Экономика и власть: опыт посткоммунистической трансформации - стр. 37

После провозглашения в конце октября курса на либерализацию цен и зарплаты в средствах массовой информации доминировали ожидания серьезных социальных потрясений, массовых акций протеста накануне, во время или после неизбежного скачка цен. Ситуация усугублялась быстрым разрушением потребительского рынка, деградация которого, естественно, особенно резко проявилась в ноябре – декабре, поскольку производители и торговля были заинтересованы в придерживании запасов до 2 января.

Страх перед открытой инфляцией переплетался в общественном сознании с безысходностью ситуации тотального дефицита, отсутствием в магазинах практически всех товаров, многочасовыми очередями за предметами первой необходимости, начавшимися перебоями в торговле хлебом. Показатель насыщенности потребительского рынка достиг в декабре своего минимума.

Пессимизм подстегивался резко возросшей в этих условиях активностью неокоммунистических группировок, стремившихся воспользоваться переходной ситуацией (угроза гиперинфляции при пустых магазинах) для дестабилизации политической ситуации и блокирования продвижения к рыночной демократии.
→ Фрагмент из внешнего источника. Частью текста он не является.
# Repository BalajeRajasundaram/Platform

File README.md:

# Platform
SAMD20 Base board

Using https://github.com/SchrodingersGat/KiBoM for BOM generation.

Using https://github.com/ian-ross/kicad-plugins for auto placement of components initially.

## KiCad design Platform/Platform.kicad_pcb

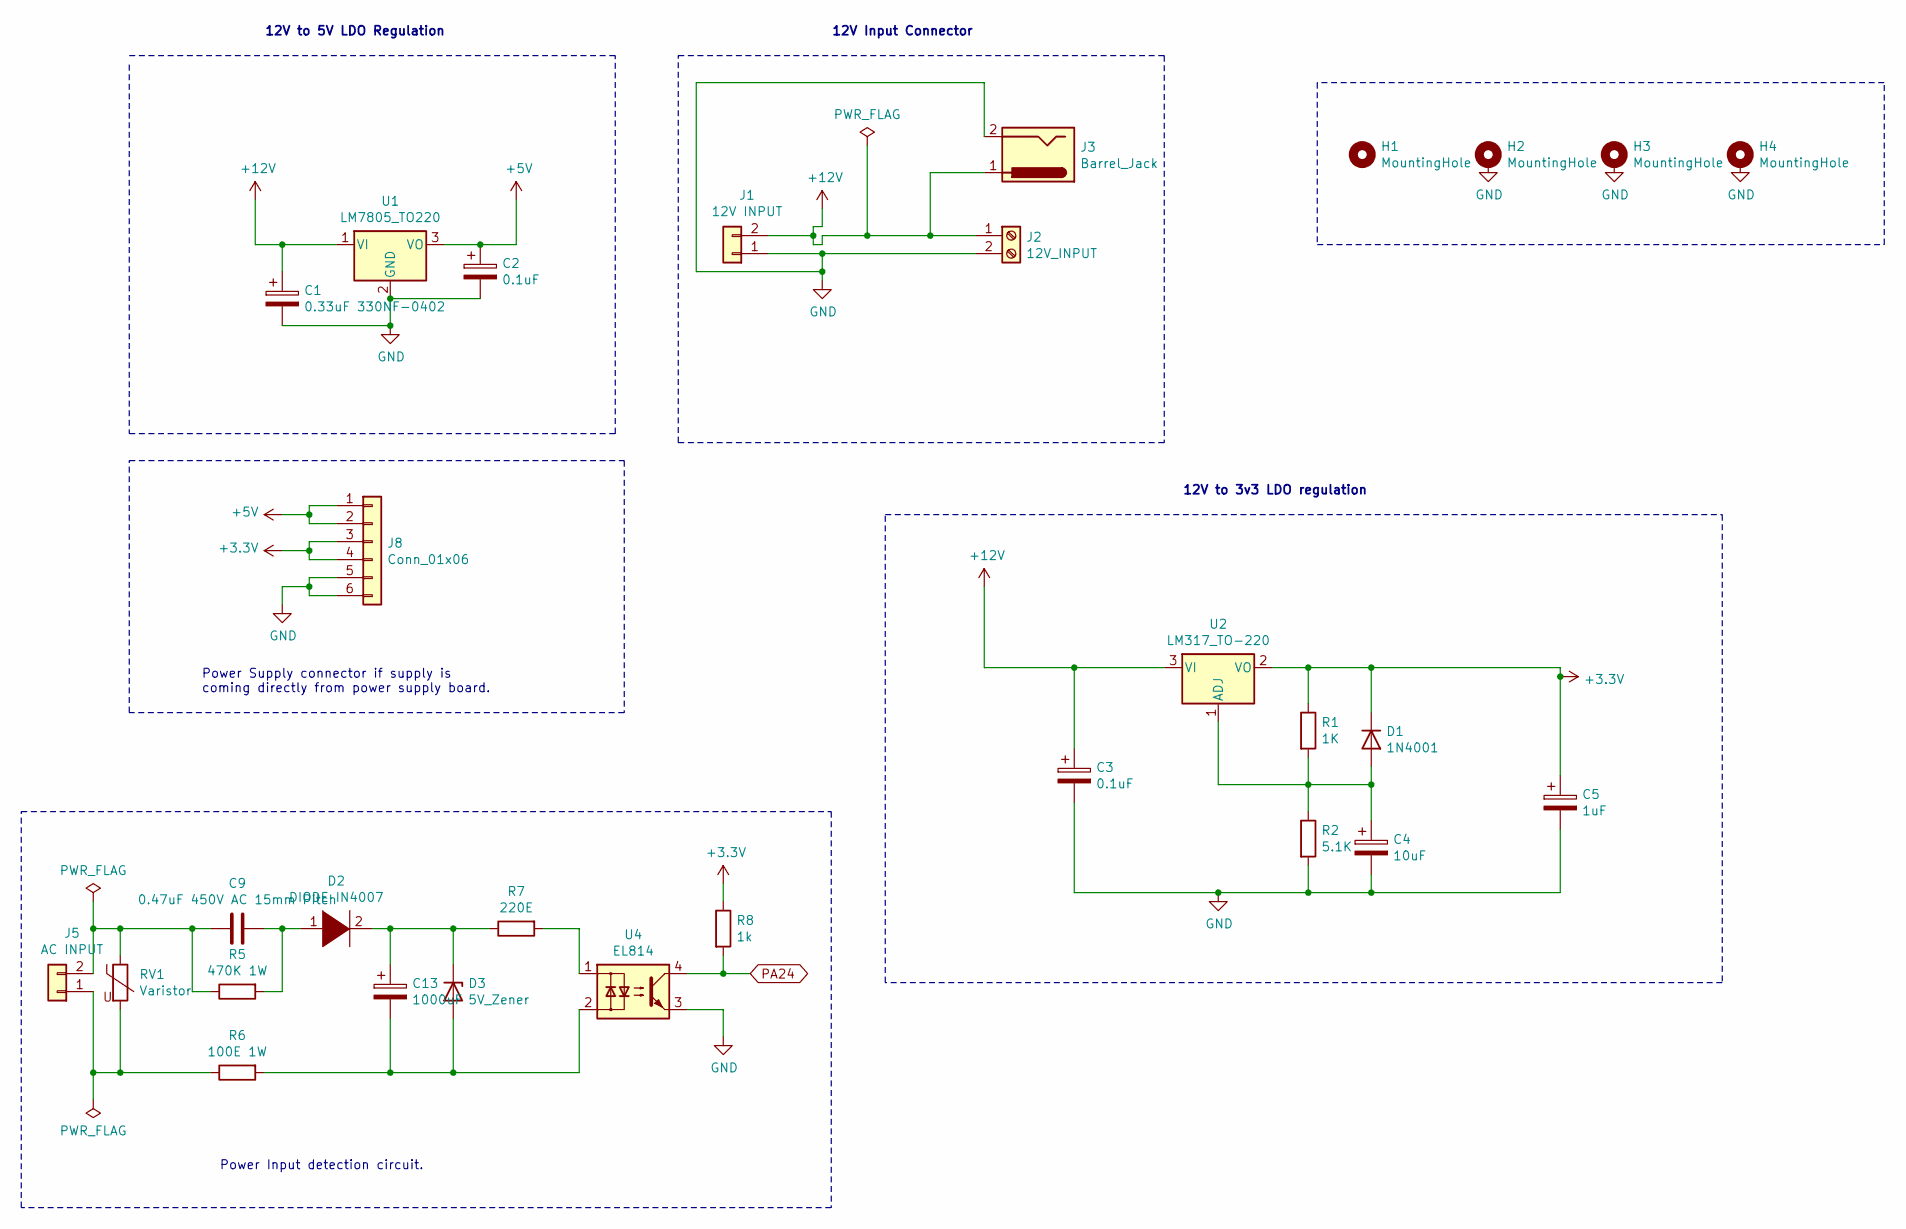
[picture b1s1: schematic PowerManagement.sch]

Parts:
C1: 0.33uF 330NF-0402; C_0402_1005Metric
C2, C3: 0.1uF; C_0402_1005Metric
C4: 10uF; CP_Radial_Tantal_D5.0mm_P5.00mm
C5: 1uF; CP_Radial_Tantal_D5.0mm_P5.00mm
C9: 0.47uF 450V AC 15mm Pitch; C_Rect_L7.2mm_W5.5mm_P5.00mm_FKS2_FKP2_MKS2_MKP2
C13: 1000uF; CP_Radial_D10.0mm_P2.50mm
D1: 1N4001; D_DO-41_SOD81_P10.16mm_Horizontal
D2: DIODE IN4007; D_DO-41_SOD81_P10.16mm_Horizontal
D3: 5V_Zener; D_DO-35_SOD27_P7.62mm_Horizontal
H1, H2, H3, H4: MountingHole; MountingHole_3.2mm_M3_DIN965_Pad
J1: 12V INPUT; TerminalBlock_Phoenix_MKDS-1,5-2_1x02_P5.00mm_Horizontal
J2: 12V_INPUT; PinHeader_1x02_P2.54mm_Vertical
J3: Barrel_Jack; BarrelJack_Horizontal
J5: AC INPUT; TerminalBlock_Phoenix_MKDS-1,5-2_1x02_P5.00mm_Horizontal
J8: Conn_01x06; Molex_KK-254_AE-6410-06A_1x06_P2.54mm_Vertical
R1: 1K; R_0603_1608Metric
R2: 5.1K; R_0603_1608Metric
R5: 470K 1W; R_Axial_DIN0411_L9.9mm_D3.6mm_P12.70mm_Horizontal
R6: 100E 1W; R_Axial_DIN0411_L9.9mm_D3.6mm_P12.70mm_Horizontal
R7: 220E; R_0603_1608Metric
R8: 1k; R_0603_1608Metric
RV1: Varistor; RV_Disc_D7mm_W3.4mm_P5mm
U1: LM7805_TO220; TO-220-3_Vertical
U2: LM317_TO-220; TO-220-3_Vertical
U4: EL814; Luna_NSL-32

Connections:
+3V3: C5.1, D1.1 (K), J8.3, J8.4, R1.1, R8.1, U2.2 (VO); also elsewhere on the board
+5V: C2.1, J8.1, J8.2, U1.3 (VO); also elsewhere on the board
+12V: C1.1, C3.1, J1.2, J2.1, J3.1, U1.1 (VI), U2.3 (VI)
GND: C1.2, C2.2, C3.2, C4.2, C5.2, J1.1, J2.2, J3.2, J8.5, J8.6, R2.2, U1.2 (GND), U4.3; also elsewhere on the board
unnamed: C4.1, D1.2 (A), R1.2, R2.1, U2.1 (ADJ)
unnamed: C9.1, J5.2, R5.1, RV1.1
unnamed: C9.2, D2.1 (K), R5.2
unnamed: C13.1, D2.2 (A), D3.1 (K), R7.1
unnamed: C13.2, D3.2 (A), R6.2, U4.2
unnamed: J5.1, R6.1, RV1.2
unnamed: R7.2, U4.1
PA24: R8.2, U4.4; also elsewhere on the board

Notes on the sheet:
12V Input Connector
12V to 5V LDO Regulation
12V to 3v3 LDO regulation
Power Supply connector if supply is coming directly from power supply board.
Power Input detection circuit.

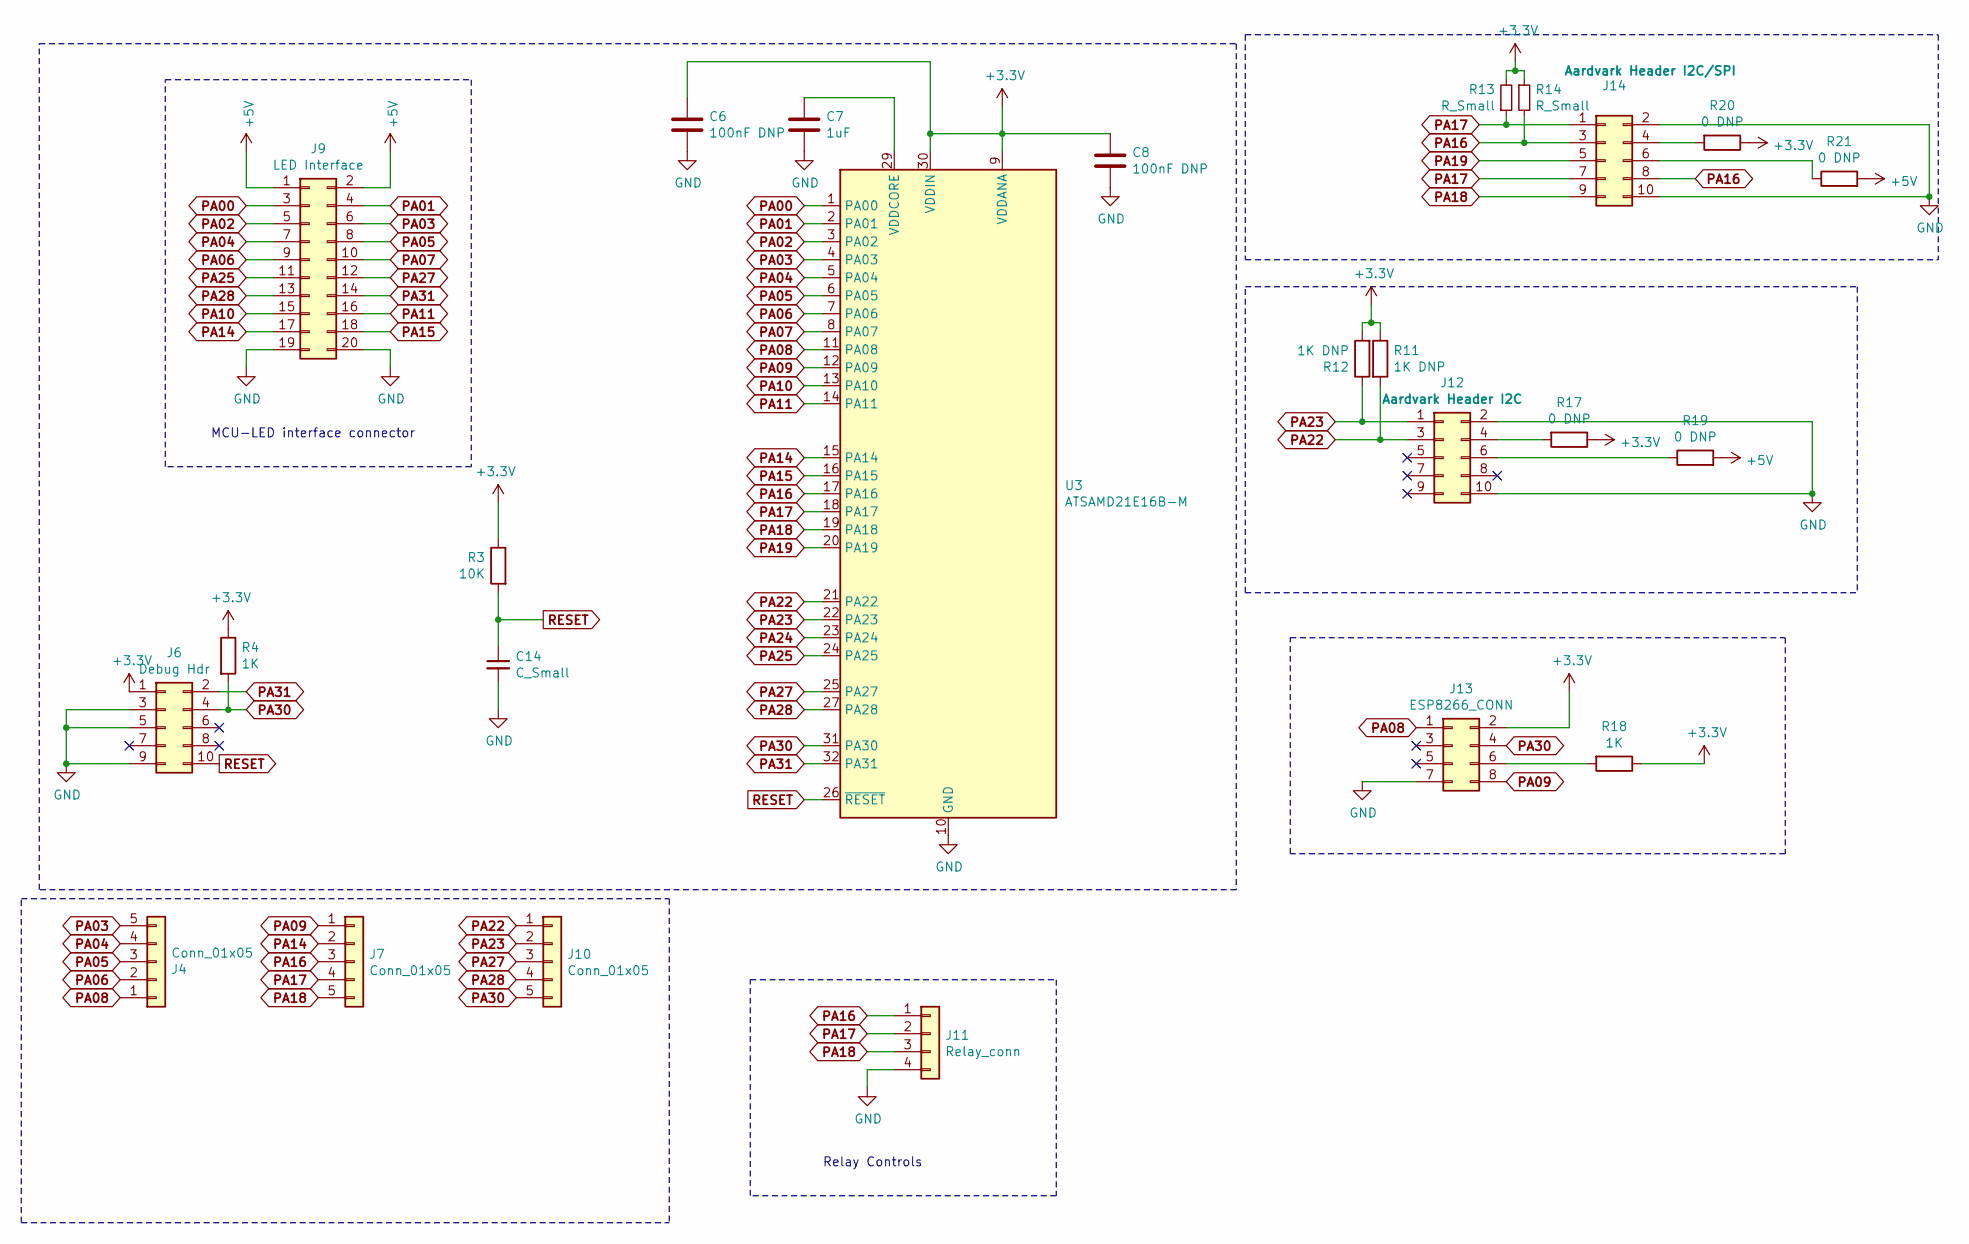
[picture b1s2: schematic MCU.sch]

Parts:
C6, C8: 100nF DNP; C_0402_1005Metric
C7: 1uF; C_0402_1005Metric
C14: C_Small; C_0402_1005Metric
J4, J7, J10: Conn_01x05; PinHeader_1x05_P2.54mm_Vertical
J6: Debug Hdr; PinHeader_2x05_P2.54mm_Vertical
J9: LED Interface; PinHeader_2x10_P2.54mm_Horizontal
J11: Relay_conn; Molex_KK-254_AE-6410-04A_1x04_P2.54mm_Vertical
J12: Aardvark Header I2C; PinHeader_2x05_P2.54mm_Vertical
J13: ESP8266_CONN; PinHeader_2x04_P2.54mm_Vertical
J14: Aardvark Header I2C/SPI; PinHeader_2x05_P2.54mm_Vertical
R3: 10K; R_0603_1608Metric
R4, R18: 1K; R_0603_1608Metric
R11, R12: 1K DNP; R_0603_1608Metric
R13, R14: R_Small; R_0603_1608Metric
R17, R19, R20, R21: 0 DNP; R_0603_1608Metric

Попытка организации массовых акций протеста в середине декабря под общим лозунгом «марш голодных очередей» стала наиболее показательной в этом отношении.

Однако несмотря на ожидание социального взрыва, общая социальная ситуация в России скорее благоприятствовала радикальным экономическим реформам.

Во-первых, исключительно высокой оставалась популярность президента, провозглашавшего либеральный экономический курс.

Во-вторых, социально-политическая активность народа на предшествующем этапе слома институтов коммунистического режима в целом по стране была не особенно высока (накал страстей ограничивался Москвой и некоторыми крупными индустриальными центрами) и не имела тенденции к росту. Политическая активность населения явно шла на спад, и, по опросам общественного мнения, большинство исключало возможность возникновения в ближайшее время массовых антиправительственных акций.

Наконец, в-третьих, сама обстановка быстрого приближения экономической катастрофы настраивала людей на принятие болезненных стабилизационных мер. Более того, в общественном сознании наблюдался очень важный сдвиг от патерналистских ожиданий и иждивенчества. Не питая иллюзий насчет возможности улучшения экономической ситуации в ближайшем будущем, от 2/3 до 3/4 россиян не связывали личного благосостояния ни с какими государственными или общественными организациями – они рассчитывали прежде всего на свои собственные силы.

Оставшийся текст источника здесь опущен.